Todo artista se julga digno de valor e reconhecimento. Isso, entretanto, depende dos críticos, da mídia, da reação do público. São raros aqueles que, mesmo sem cair no gosto do mercado, permanecem fiéis a seu talento criativo. O que pode ser admirado hoje pode ser desprezado amanhã. É o caso de um dos autorretratos de Rembrandt. A cada vez que deixava a Holanda, a tela era assegurada em US$ 4 milhões. Uma comissão de peritos e críticos, que analisou todos os quadros atribuídos ao genial pintor holandês, concluiu que um dos autorretratos, embora assinado com o nome dele, não pode ser atribuído a ele. A obra caiu no ostracismo. 

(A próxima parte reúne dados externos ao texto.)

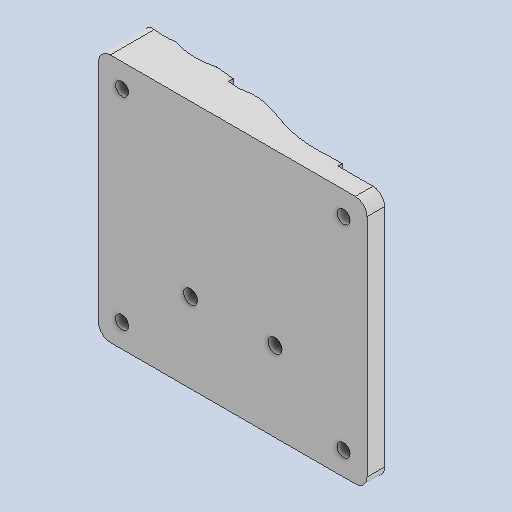
# Autodesk Inventor part: mouldingPlate_V6
Saved by Autodesk Inventor 2023 (Build 270158000, 158)
## iProperties
Created: 2023-03-15
Part Number: mouldingPlate_V6
Material: Generic
Document SubType Name: Modeling
Designer: shrey
Density: 1 g/cm^3
Appearance: Default
Author: shrey
Autodesk Inventor part; units mm, degrees
ref_plane "YZ Plane" through (0, 0, 0) normal (1, 0, 0) x (0, 1, 0)
ref_plane "XZ Plane" through (0, 0, 0) normal (0, 1, 0) x (-1, 0, 0)
ref_plane "XY Plane" through (0, 0, 0) normal (0, 0, 1) x (1, 0, 0)
ref_plane "Work Plane1" through (-64.2812, 0, 0) normal (0, 0, -1) x (1, 0, 0)
sketch "Sketch1" plane through (-64.2812, 0, 0) normal (0, 0, -1) x (1, 0, 0)
  line L0 (64.2812, -304.8) -> (64.2812, 304.8) construction
  line L1 (64.2812, -304.8) -> (0, -304.8) construction
  line L2 (6.11, 304.8) -> (0, 304.8) construction
  line L3 (0, -304.8) -> (6.11, -304.8) construction
  line L4 (6.2392, -19.8934) -> (64.0072, -19.8934) construction
  line L5 (64.0072, -19.8934) -> (64.0072, -14.3934) construction
  line L6 (64.0072, -14.3934) -> (6.2392, -14.3934) construction
  line L7 (6.2392, -14.3934) -> (6.2392, -19.8934) construction
  spline S0 degree 3 poles (60.7862, -9) (60.9061, -9.1901) (61.0858, -9.4753) (61.3069, -9.8666) (61.4657, -10.1639) (61.6162, -10.4656) (61.7579, -10.7714) (61.8899, -11.0816) (62.0114, -11.3961) (62.1204, -11.7151) (62.2163, -12.0383) (62.2788, -12.3122) (62.3239, -12.5324) (62.3716, -12.6943) (62.436, -12.8503) (62.5199, -12.997) (62.6084, -13.1066) (62.6883, -13.1859) (62.7558, -13.2363) (62.8251, -13.2847) (62.9013, -13.3209) (62.9789, -13.3544) (63.0609, -13.3742) (63.1437, -13.3909) (63.2562, -13.3949) (63.3966, -13.3923) (63.5369, -13.3949) (63.6495, -13.3909) (63.7322, -13.3742) (63.8143, -13.3544) (63.8918, -13.3209) (63.9681, -13.2847) (64.0373, -13.2363) (64.1049, -13.1859) (64.1848, -13.1066) (64.2733, -12.997) (64.3572, -12.8503) (64.4216, -12.6943) (64.4693, -12.5324) (64.5144, -12.3122) (64.5768, -12.0383) (64.6728, -11.7151) (64.7818, -11.3961) (64.9032, -11.0816) (65.0353, -10.7714) (65.177, -10.4656) (65.3275, -10.1639) (65.4863, -9.8666) (65.7074, -9.4753) (65.8871, -9.1901) (66.007, -9) knots 0 0 0 0 0.067405 0.101109 0.134814 0.168518 0.202222 0.235926 0.26963 0.303333 0.337035 0.370735 0.387584 0.40443 0.421277 0.438116 0.454951 0.463377 0.471802 0.480225 0.488651 0.497074 0.505499 0.513923 0.522347 0.5392 0.556053 0.564477 0.572901 0.581327 0.589749 0.598176 0.606598 0.615023 0.623449 0.640284 0.657123 0.67397 0.690816 0.707665 0.741365 0.775067 0.80877 0.842474 0.876178 0.909882 0.943586 0.977291 1.010995 1.0784 1.0784 1.0784 1.0784 construction
  line L8 (66.0072, -9) -> (66.007, -9) construction
  line L9 (66.0072, -20.8934) -> (66.0072, -9) construction
  line L10 (4.2392, -20.8934) -> (66.0072, -20.8934) construction
  line L11 (4.2392, -9) -> (4.2392, -20.8934) construction
  spline S1 degree 3 poles (4.2392, -9) (4.3591, -9.1901) (4.5388, -9.4753) (4.7599, -9.8666) (4.9187, -10.1639) (5.0692, -10.4656) (5.2109, -10.7714) (5.3429, -11.0816) (5.4644, -11.3961) (5.5734, -11.7151) (5.6693, -12.0383) (5.7318, -12.3122) (5.7769, -12.5324) (5.8246, -12.6943) (5.889, -12.8503) (5.9729, -12.997) (6.0614, -13.1066) (6.1413, -13.1859) (6.2088, -13.2363) (6.2781, -13.2847) (6.3543, -13.3209) (6.4319, -13.3544) (6.5139, -13.3742) (6.5967, -13.3909) (6.7092, -13.3949) (6.8496, -13.3923) (6.9899, -13.3949) (7.1025, -13.3909) (7.1852, -13.3742) (7.2673, -13.3544) (7.3448, -13.3209) (7.4211, -13.2847) (7.4903, -13.2363) (7.5579, -13.1859) (7.6378, -13.1066) (7.7263, -12.997) (7.8102, -12.8503) (7.8746, -12.6943) (7.9223, -12.5324) (7.9674, -12.3122) (8.0298, -12.0383) (8.1258, -11.7151) (8.2348, -11.3961) (8.3562, -11.0816) (8.4883, -10.7714) (8.63, -10.4656) (8.7805, -10.1639) (8.9393, -9.8666) (9.1604, -9.4753) (9.3401, -9.1901) (9.46, -9) knots 0 0 0 0 0.067405 0.101109 0.134814 0.168518 0.202222 0.235926 0.26963 0.303333 0.337035 0.370735 0.387584 0.40443 0.421277 0.438116 0.454951 0.463377 0.471802 0.480225 0.488651 0.497074 0.505499 0.513923 0.522347 0.5392 0.556053 0.564477 0.572901 0.581327 0.589749 0.598176 0.606598 0.615023 0.623449 0.640284 0.657123 0.67397 0.690816 0.707665 0.741365 0.775067 0.80877 0.842474 0.876178 0.909882 0.943586 0.977291 1.010995 1.0784 1.0784 1.0784 1.0784 construction
  line L12 (10.5222, -9) -> (9.46, -9) construction
  spline S2 degree 3 poles (10.5222, -9) (10.6421, -9.1901) (10.8218, -9.4753) (11.0429, -9.8666) (11.2017, -10.1639) (11.3522, -10.4656) (11.4939, -10.7714) (11.6259, -11.0816) (11.7474, -11.3961) (11.8564, -11.7151) (11.9523, -12.0383) (12.0148, -12.3122) (12.0599, -12.5324) (12.1076, -12.6943) (12.172, -12.8503) (12.2559, -12.997) (12.3444, -13.1066) (12.4243, -13.1859) (12.4918, -13.2363) (12.5611, -13.2847) (12.6373, -13.3209) (12.7149, -13.3544) (12.7969, -13.3742) (12.8797, -13.3909) (12.9922, -13.3949) (13.1326, -13.3923) (13.2729, -13.3949) (13.3855, -13.3909) (13.4682, -13.3742) (13.5503, -13.3544) (13.6278, -13.3209) (13.7041, -13.2847) (13.7733, -13.2363) (13.8409, -13.1859) (13.9208, -13.1066) (14.0093, -12.997) (14.0932, -12.8503) (14.1576, -12.6943) (14.2053, -12.5324) (14.2504, -12.3122) (14.3128, -12.0383) (14.4088, -11.7151) (14.5178, -11.3961) (14.6392, -11.0816) (14.7713, -10.7714) (14.913, -10.4656) (15.0635, -10.1639) (15.2223, -9.8666) (15.4434, -9.4753) (15.6231, -9.1901) (15.743, -9) knots 0 0 0 0 0.067405 0.101109 0.134814 0.168518 0.202222 0.235926 0.26963 0.303333 0.337035 0.370735 0.387584 0.40443 0.421277 0.438116 0.454951 0.463377 0.471802 0.480225 0.488651 0.497074 0.505499 0.513923 0.522347 0.5392 0.556053 0.564477 0.572901 0.581327 0.589749 0.598176 0.606598 0.615023 0.623449 0.640284 0.657123 0.67397 0.690816 0.707665 0.741365 0.775067 0.80877 0.842474 0.876178 0.909882 0.943586 0.977291 1.010995 1.0784 1.0784 1.0784 1.0784 construction
  line L13 (16.8052, -9) -> (15.743, -9) construction
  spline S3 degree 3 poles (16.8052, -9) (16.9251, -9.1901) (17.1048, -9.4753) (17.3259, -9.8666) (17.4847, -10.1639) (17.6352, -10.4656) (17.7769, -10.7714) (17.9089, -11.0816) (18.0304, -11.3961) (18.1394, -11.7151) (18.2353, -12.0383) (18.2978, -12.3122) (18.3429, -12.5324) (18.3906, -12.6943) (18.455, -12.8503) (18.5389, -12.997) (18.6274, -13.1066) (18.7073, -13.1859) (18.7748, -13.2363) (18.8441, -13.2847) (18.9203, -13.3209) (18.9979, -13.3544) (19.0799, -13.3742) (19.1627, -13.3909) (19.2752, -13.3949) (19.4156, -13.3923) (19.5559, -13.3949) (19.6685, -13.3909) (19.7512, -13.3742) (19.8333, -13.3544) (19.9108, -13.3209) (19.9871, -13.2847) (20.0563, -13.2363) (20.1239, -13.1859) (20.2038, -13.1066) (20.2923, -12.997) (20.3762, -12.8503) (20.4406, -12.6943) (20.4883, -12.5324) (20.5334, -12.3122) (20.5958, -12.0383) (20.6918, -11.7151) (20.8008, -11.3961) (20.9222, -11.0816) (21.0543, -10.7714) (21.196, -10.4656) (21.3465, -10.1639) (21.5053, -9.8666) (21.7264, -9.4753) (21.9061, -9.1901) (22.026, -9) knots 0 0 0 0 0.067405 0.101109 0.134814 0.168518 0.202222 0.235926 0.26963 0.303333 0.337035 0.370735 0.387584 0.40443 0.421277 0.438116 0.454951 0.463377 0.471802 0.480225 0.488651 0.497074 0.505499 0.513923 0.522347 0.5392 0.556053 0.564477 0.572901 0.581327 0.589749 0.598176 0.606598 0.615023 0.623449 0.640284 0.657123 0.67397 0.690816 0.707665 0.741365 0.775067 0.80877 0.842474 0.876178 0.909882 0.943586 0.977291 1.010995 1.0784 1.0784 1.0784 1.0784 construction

O nosso olho, a nossa sensibilidade para a obra de arte, são condicionados pela opinião pública. Esta tende a ser elitista. Considera arte o que atrai o público pagante; e folclore o que atrai pessoas desprovidas de recursos. Não me agrada a adjetivação “arte popular”. Nessa categoria costumam entrar as obras de todos que não têm suficiente erudição artística nem frequentam as rodas que se fecham em galerias sofisticadas ou palcos refinados.      A meditação, como a arte, exige cuidado, ascese, empenho, confiança na própria capacidade criativa. Tanto a arte quanto a meditação nos conectam com o transcendente, nos fazem emergir da esfera da necessidade para a da gratuidade, dilatam em nós potencialidades que nos fazem “renascer”. Não é sem razão que as religiões, sobretudo em suas liturgias, tanto recorrem à arte e têm sido, ao longo dos séculos, escolas de artistas. Quantos cantores e músicos estadunidenses não iniciaram sua arte em igrejas evangélicas! Infelizmente o mercado nos impõe, pela mídia espetaculosa, o mero entretenimento como se fosse obra de arte. Nisso se parecem às liturgias que exacerbam nossa emoção sem nada acrescentar à nossa razão e, muito menos, ao caráter ético de nossa ação. Vide as showmissas.

A arte não há de ser de esquerda ou de direita, moralista ou inescrupulosa. Há de ser bela. Consta que eram nuas todas as esculturas e figuras pintadas por Michelangelo no Vaticano. Até que um papa escrupuloso pediu a Daniele Volterra, discípulo do genial artista, para cobrir com uma pincelada os órgãos genitais... censura removida recentemente por peritos japoneses. Volterra ganhou o apelido de Il Braguetone (“O Braguilha”). Todo artista é clone de Deus. Extrai de sete notas musicais, dos movimentos do corpo, do desenho, do barro, do modo de narrar uma história, o que há de belo no humano e na natureza. Recria ao criar. E sempre o faz a partir de um estado de concentração comparável à meditação.